Judging by the mish-mash of styles at work in the Micronauts-related artwork in the issue and in spite of all the color and elaborate linework ... not too very much, in my analysis. But that's not a bad thing. Certainly, there's a lot there that indicates current design styles and classic influences will be there. If the rules-of-thumb we see here will continue to play out in the final products, we'll have figures that will be elaborately textured and colorful like the Micronauts of the past, and Micronaut toys that are largely recognizable as the classic Micronaut characters and toys. One spread (the third image above) shows this new trio of Micronauts relating to GI Joe, Generation 1 Transformers, and the other revitalized Hasbro properties. This suggests to me that perhaps something like the older Takara SF-Land standards might be put into play in the way that original Micronauts, Transformers and other toys originating from - or influenced by (GI Joe RAH?)- Takara can all interchange and play together based on a shared set of mechanical standards and scales. My kids love mixing Micronaut, Microman and Transformers toys and parts together, and populating the results with some other 1/18 scale figures.

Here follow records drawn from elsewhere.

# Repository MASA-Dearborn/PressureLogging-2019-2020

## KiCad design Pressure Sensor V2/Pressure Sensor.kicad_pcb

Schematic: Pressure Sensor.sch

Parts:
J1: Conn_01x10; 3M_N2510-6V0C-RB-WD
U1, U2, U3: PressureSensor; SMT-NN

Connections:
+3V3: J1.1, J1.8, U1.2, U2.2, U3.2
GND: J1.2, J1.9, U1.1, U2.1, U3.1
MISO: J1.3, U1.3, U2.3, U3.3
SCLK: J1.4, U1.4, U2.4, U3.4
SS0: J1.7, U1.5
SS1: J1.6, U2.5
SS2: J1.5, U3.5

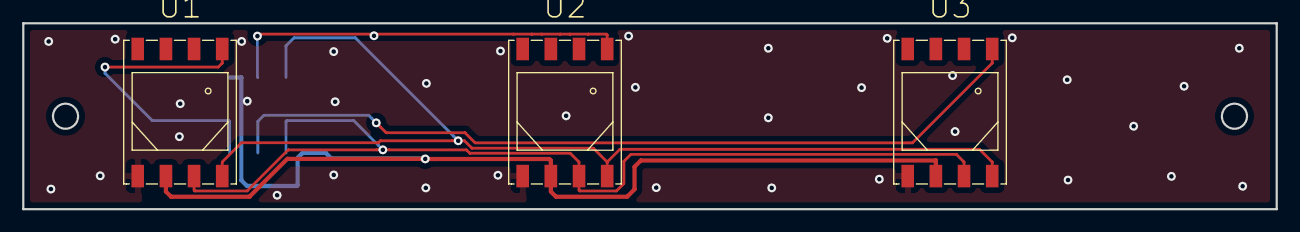
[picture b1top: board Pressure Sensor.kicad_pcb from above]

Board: 2 copper layers, 113.0 x 16.8 mm, 4 parts (1 on the bottom side), 7 nets.

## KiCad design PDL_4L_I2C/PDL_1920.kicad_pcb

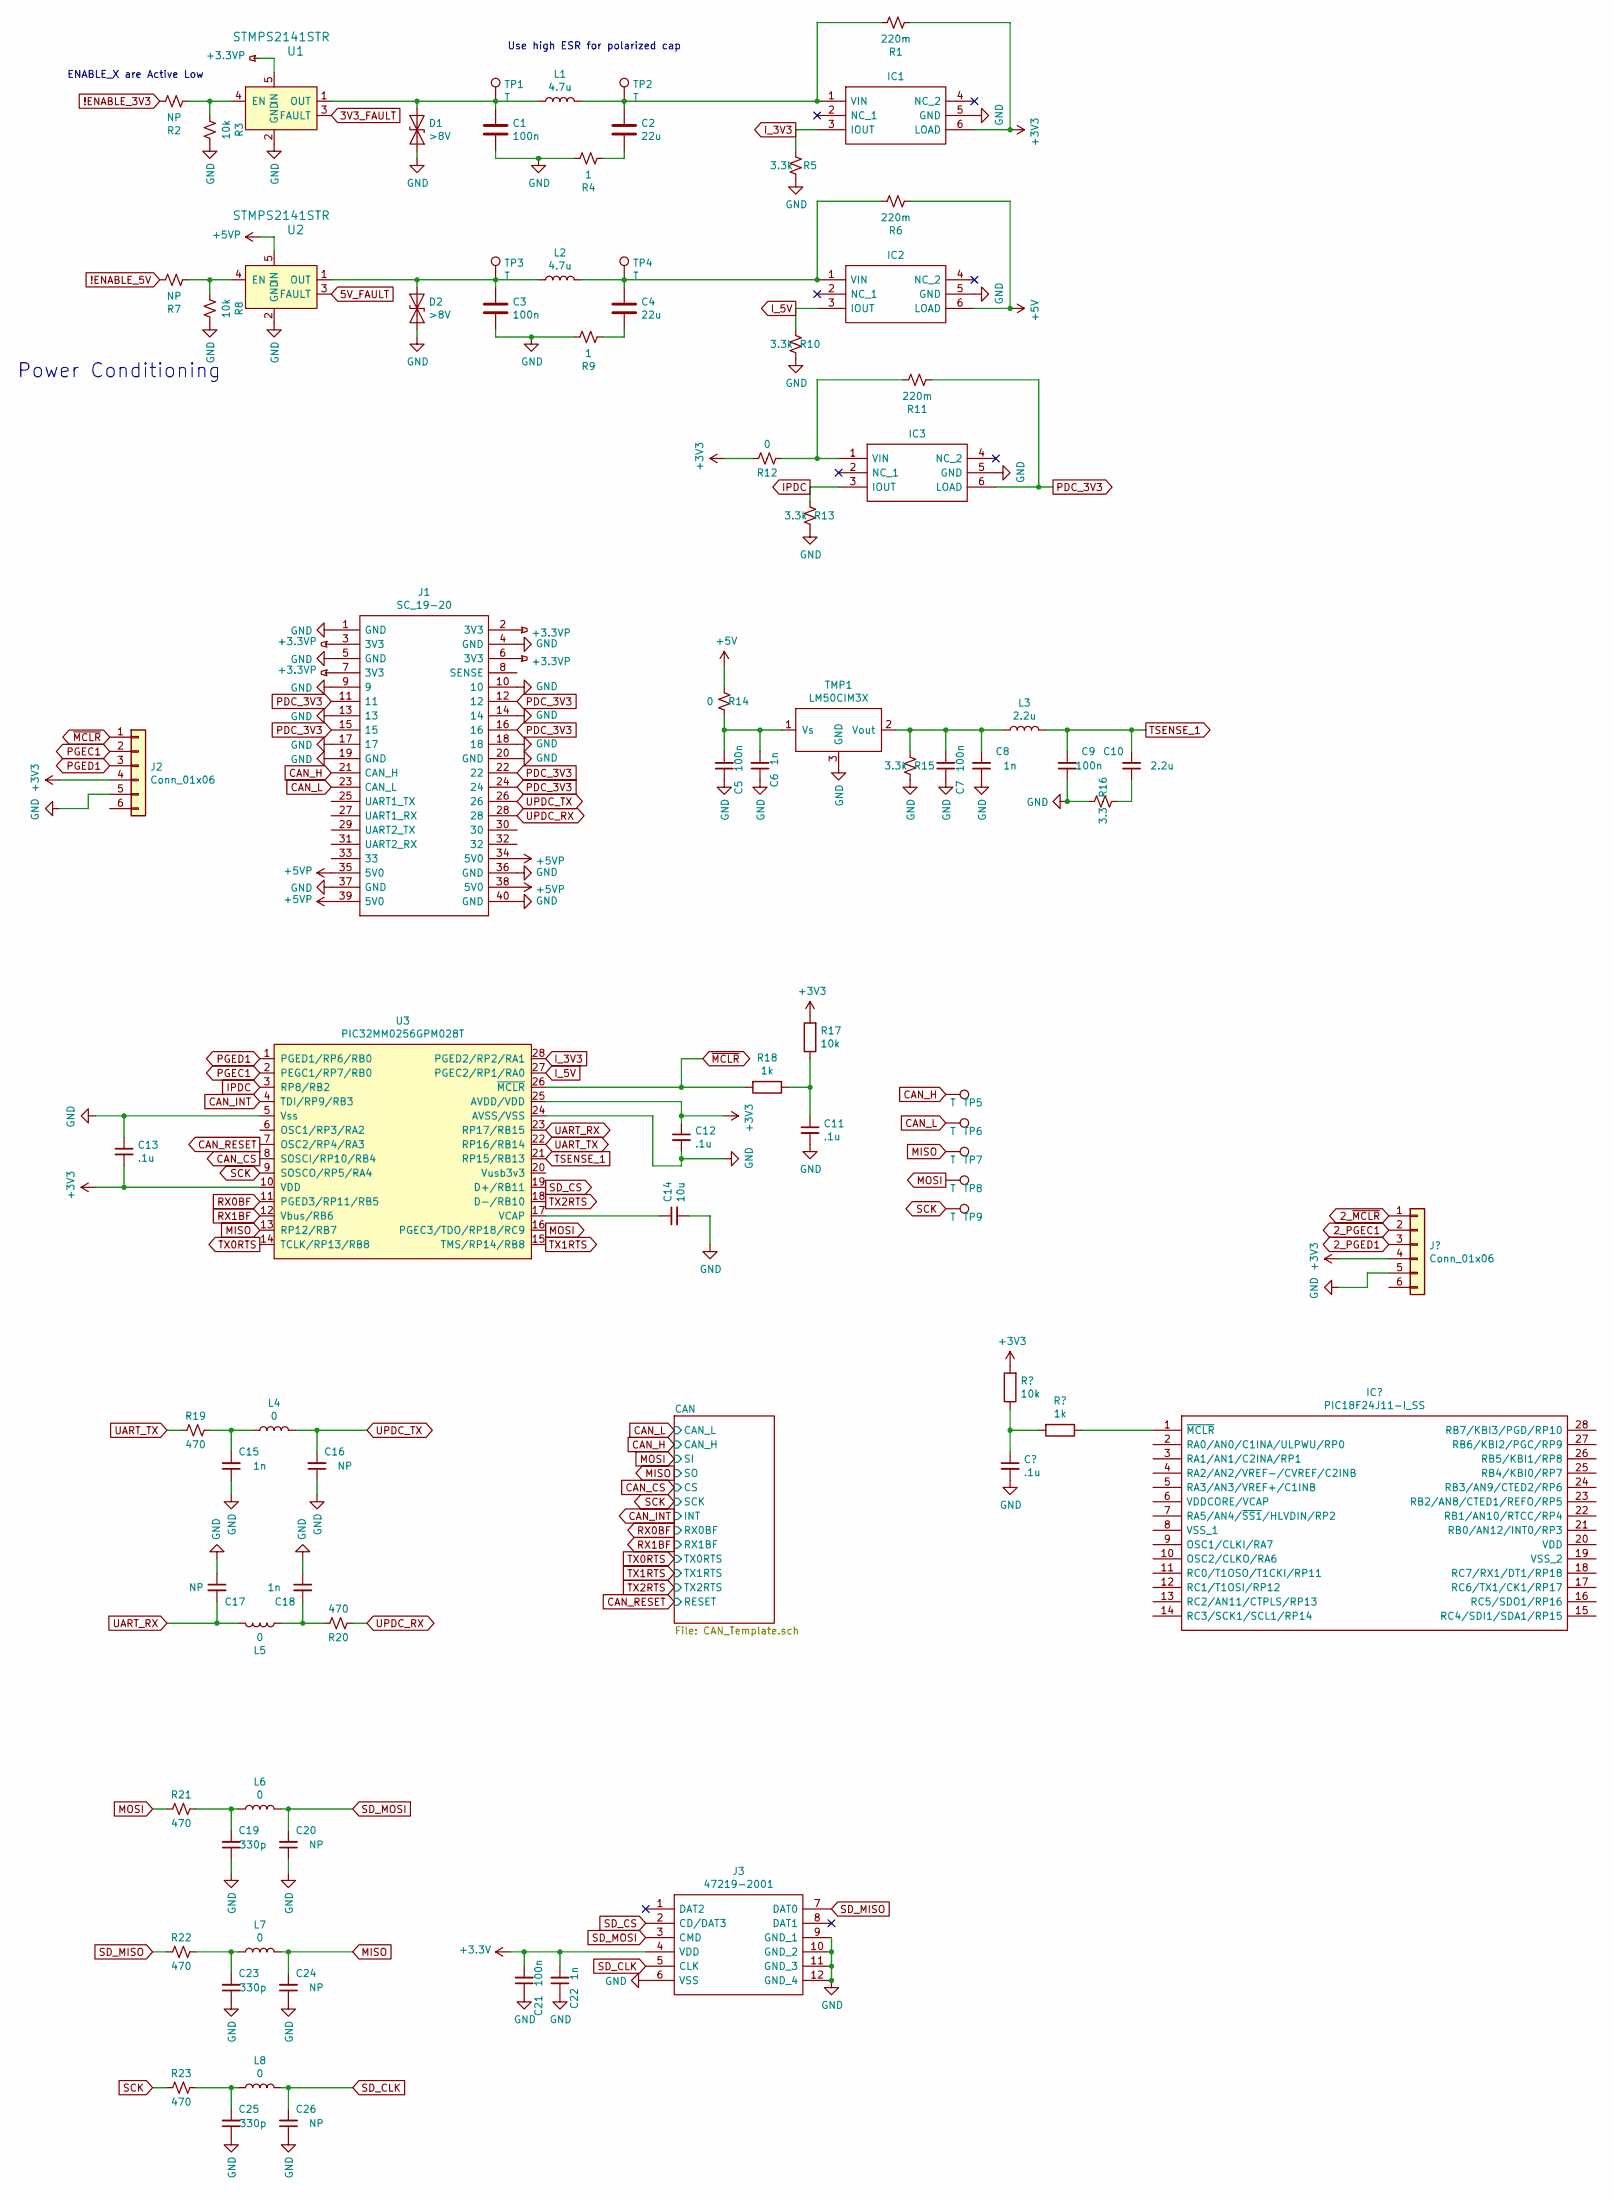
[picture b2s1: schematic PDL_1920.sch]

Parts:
C1, C3, C5, C7, C9, C21: 100n; C_0603_1608Metric
C2, C4: 22u; C_0603_1608Metric
C6, C8, C15, C18, C22: 1n; C_0603_1608Metric
C10: 2.2u; C_0603_1608Metric
C11, C12, C13: .1u; C_0603_1608Metric
C14: 10u; C_0603_1608Metric
C16, C17, C20, C24, C26: NP; C_0603_1608Metric
C19, C23, C25: 330p; C_0603_1608Metric
D1, D2: >8V; D_0805_2012Metric
IC1, IC2, IC3: FAN4010IL6X_F113; UFDFN-6_1.45x1mm; Manufacturer_Part_Number FAN4010IL6X_F113; Mouser Part Number 512-FAN4010IL6X_F113
J1: SC_19-20; Stack_Connector_2019_2020; Manufacturer_Part_Number TFC-120-32-F-D-A-K-TR
J2: Conn_01x06; PinHeader_1x06_P2.54mm_Vertical
J3: 47219-2001; 472192001; Mouser Part Number 538-47219-2001
L1: 4.7u; C_0805_2012Metric; PART# 74438324033; Digi-Key_PN 732-5684-1-ND
L2: 4.7u; L_0805_2012Metric; MPN 74438324033; Digi-Key_PN 732-5684-1-ND
L3: 2.2u; L_0603_1608Metric
L4, L5, L6, L7, L8: 0; L_0603_1608Metric
R1, R6, R11: 220m; R_0805_2012Metric
R2, R7: NP; R_0603_1608Metric
R3, R8, R17: 10k; R_0603_1608Metric
R4, R9: 1; R_0603_1608Metric
R5, R10, R13, R15: 3.3k; R_0603_1608Metric
R12, R14: 0; R_0603_1608Metric
R16: 3.3; R_0603_1608Metric
R18: 1k; R_0603_1608Metric
R19, R20, R21, R22, R23: 470; R_0603_1608Metric
TMP1: LM50CIM3X; SOT-23
TP1, TP2, TP3, TP4, TP5, TP6, TP7, TP8, TP9: T; TP380X203
U1, U2: STMPS2141STR; SOT-753; MPN STMPS2141STR; Digi-Key_PN 497-6933-1-ND
U3: PIC32MM0256GPM028T; PIC32MM0016GPL028EM6

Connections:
3V3_FAULT: U1.3 (FAULT)
5V_FAULT: U2.3 (FAULT)
!ENABLE_3V3: R2.1
!ENABLE_5V: R7.1
+3.3VP: J1.2 (3V3), J1.3 (3V3), J1.6 (3V3), J1.7 (3V3), U1.5 (IN)
+5V: IC2.6 (LOAD), R6.2, R14.2; also elsewhere on the board
+5VP: J1.34 (5V0), J1.35 (5V0), J1.38 (5V0), J1.39 (5V0), U2.5 (IN)
CAN_CS: U3.8 (SOSCI/RP10/RB4); also elsewhere on the board
CAN_H: J1.21 (CAN_H), TP5.1; also elsewhere on the board
CAN_INT: U3.4 (TDI/RP9/RB3); also elsewhere on the board
CAN_L: J1.23 (CAN_L), TP6.1; also elsewhere on the board
CAN_RESET: U3.7 (OSC2/RP4/RA3); also elsewhere on the board
IPDC: IC3.3 (IOUT), R13.2, U3.3 (RP8/RB2)
I_3V3: IC1.3 (IOUT), R5.2, U3.28 (PGED2/RP2/RA1)
I_5V: IC2.3 (IOUT), R10.2, U3.27 (PGEC2/RP1/RA0)
MISO: C24.2, L7.2, TP7.1, U3.13 (RP12/RB7); also elsewhere on the board
MOSI: R21.2, TP8.1, U3.16 (PGEC3/TDO/RP18/RC9); also elsewhere on the board
unnamed: C1.1, D1.2 (A2), L1.1, TP1.1, U1.1 (OUT)
unnamed: C2.1, IC1.1 (VIN), L1.2, R1.1, TP2.1
unnamed: C2.2, R4.2
unnamed: C3.1, D2.2 (A2), L2.1, TP3.1, U2.1 (OUT)
unnamed: C4.1, IC2.1 (VIN), L2.2, R6.1, TP4.1
unnamed: C4.2, R9.2
unnamed: C5.2, C6.2, R14.1, TMP1.1 (Vs)
unnamed: C7.2, C8.2, L3.1, R15.2, TMP1.2 (Vout)
unnamed: C10.1, R16.1
unnamed: C11.1, R17.1, R18.1
unnamed: C14.1, U3.17 (VCAP)
unnamed: C15.2, L4.1, R19.1
unnamed: C18.2, L5.1, R20.1
unnamed: C19.2, L6.1, R21.1
unnamed: C23.2, L7.1, R22.1
unnamed: C25.2, L8.1, R23.1
unnamed: IC3.1 (VIN), R11.1, R12.2
unnamed: R2.2, R3.2, U1.4 (EN)
unnamed: R7.2, R8.2, U2.4 (EN)
PDC_3V3: IC3.6 (LOAD), J1.11, J1.12, J1.15, J1.16, J1.22, J1.24, R11.2
PGEC1: J2.2, U3.2 (PEGC1/RP7/RB0)
PGED1: J2.3, U3.1 (PGED1/RP6/RB0)
RX0BF: U3.11 (PGED3/RP11/RB5); also elsewhere on the board
RX1BF: U3.12 (Vbus/RB6); also elsewhere on the board
SCK: R23.2, TP9.1, U3.9 (SOSCO/RP5/RA4); also elsewhere on the board
SD_CLK: C26.2, J3.5 (CLK), L8.2
SD_CS: J3.2 (CD/DAT3), U3.19 (D+/RB11)
SD_MISO: J3.7 (DAT0), R22.2
SD_MOSI: C20.2, J3.3 (CMD), L6.2
TSENSE_1: C9.2, C10.2, L3.2, U3.21 (RP15/RB13)
TX0RTS: U3.14 (TCLK/RP13/RB8); also elsewhere on the board
TX1RTS: U3.15 (TMS/RP14/RB8); also elsewhere on the board
TX2RTS: U3.18 (D-/RB10); also elsewhere on the board
UART_RX: C17.2, L5.2, U3.23 (RP17/RB15)
UART_TX: R19.2, U3.22 (RP16/RB14)
UPDC_RX: J1.28, R20.2
UPDC_TX: C16.2, J1.26, L4.2
~MCLR: J2.1, R18.2, U3.26 (~MCLR)

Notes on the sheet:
Use high ESR for polarized cap
ENABLE_X are Active Low
Power Conditioning

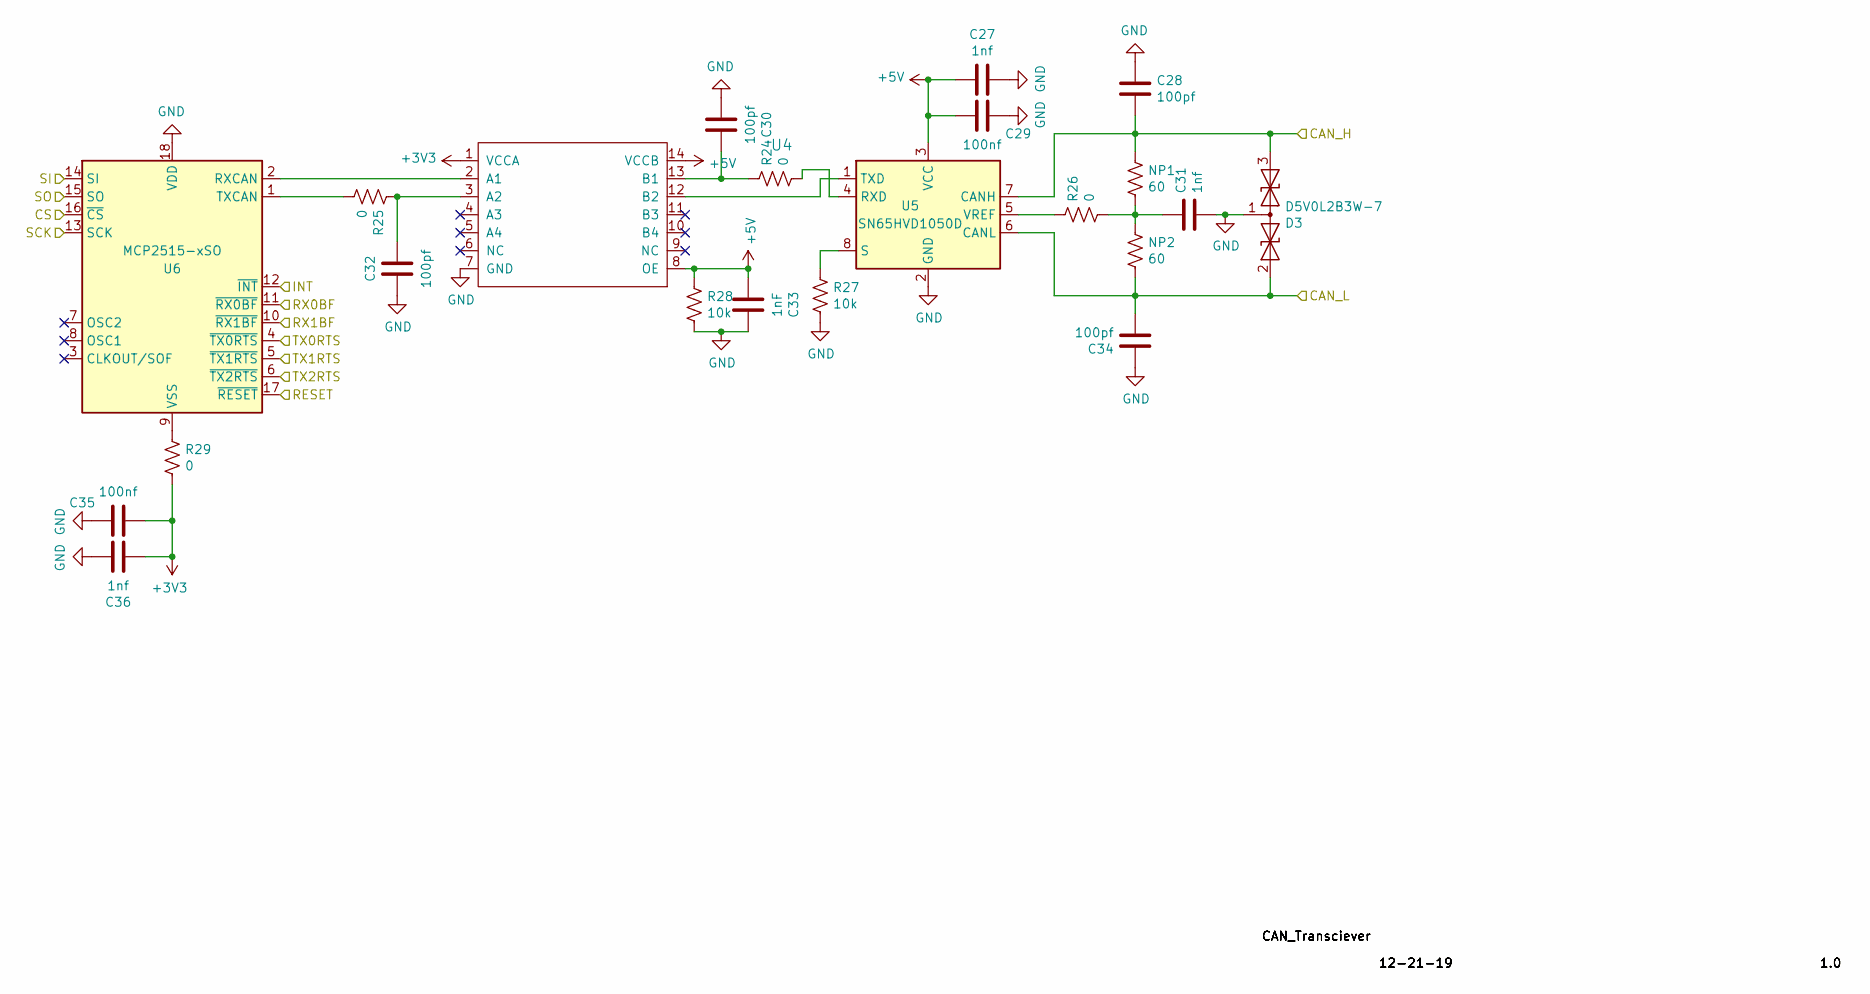
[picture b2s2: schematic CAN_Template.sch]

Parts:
C27, C31, C36: 1nf; C_0603_1608Metric
C28, C30, C32, C34: 100pf; C_0603_1608Metric
C29, C35: 100nf; C_0603_1608Metric
C33: 1nF; C_0603_1608Metric
D3: D5V0L2B3W-7; SOT-23
NP1, NP2: 60; R_0603_1608Metric
R24, R25, R26, R29: 0; R_0603_1608Metric
R27, R28: 10k; R_0603_1608Metric
U4: TXB0104PWR
U5: SN65HVD1050D; SOIC-8_3.9x4.9mm_P1.27mm
U6: MCP2515-xSO; SOIC-18W_7.5x11.6mm_P1.27mm

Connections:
+5V: C27.2, C29.1, C33.2, R28.1, U4.8 (OE), U4.14 (VCCB), U5.3 (VCC); also elsewhere on the board
CAN_CS: U6.16 (~CS); also elsewhere on the board
CAN_H: C28.2, D3.3 (A2), NP1.1, U5.7 (CANH); also elsewhere on the board
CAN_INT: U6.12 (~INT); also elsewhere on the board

My 2-cents? Hasbro and Tomy-Takara may develop Micronauts into something like the Magnepower Microman line combined with the Transformers Human Alliance line.

As a note of trivia - the two-page Micronauts spread is by Italian comic artist Emiliano Santalucia. He's been involved with the recent revitalization of the classic verisons of Transformers, GI Joe and Masters of the Universe for IDW, Hasbro and others. In his spread, astute eyes can see influences pulled from SOTA Toys' abandoned Micronauts:Evolution, Henshin Cyborg, Magnepower Microman, Microforce, and others. The thick stable of past iterations of Micronauts has been used as a resource for this printed work, at least.

It doesn't give us much concrete information to work with, but it will generate a lot of speculation and conversation among fans and collectors, which is a good thing! As they say, even bad press (not to say this is bad in any way!) is better than no press at all.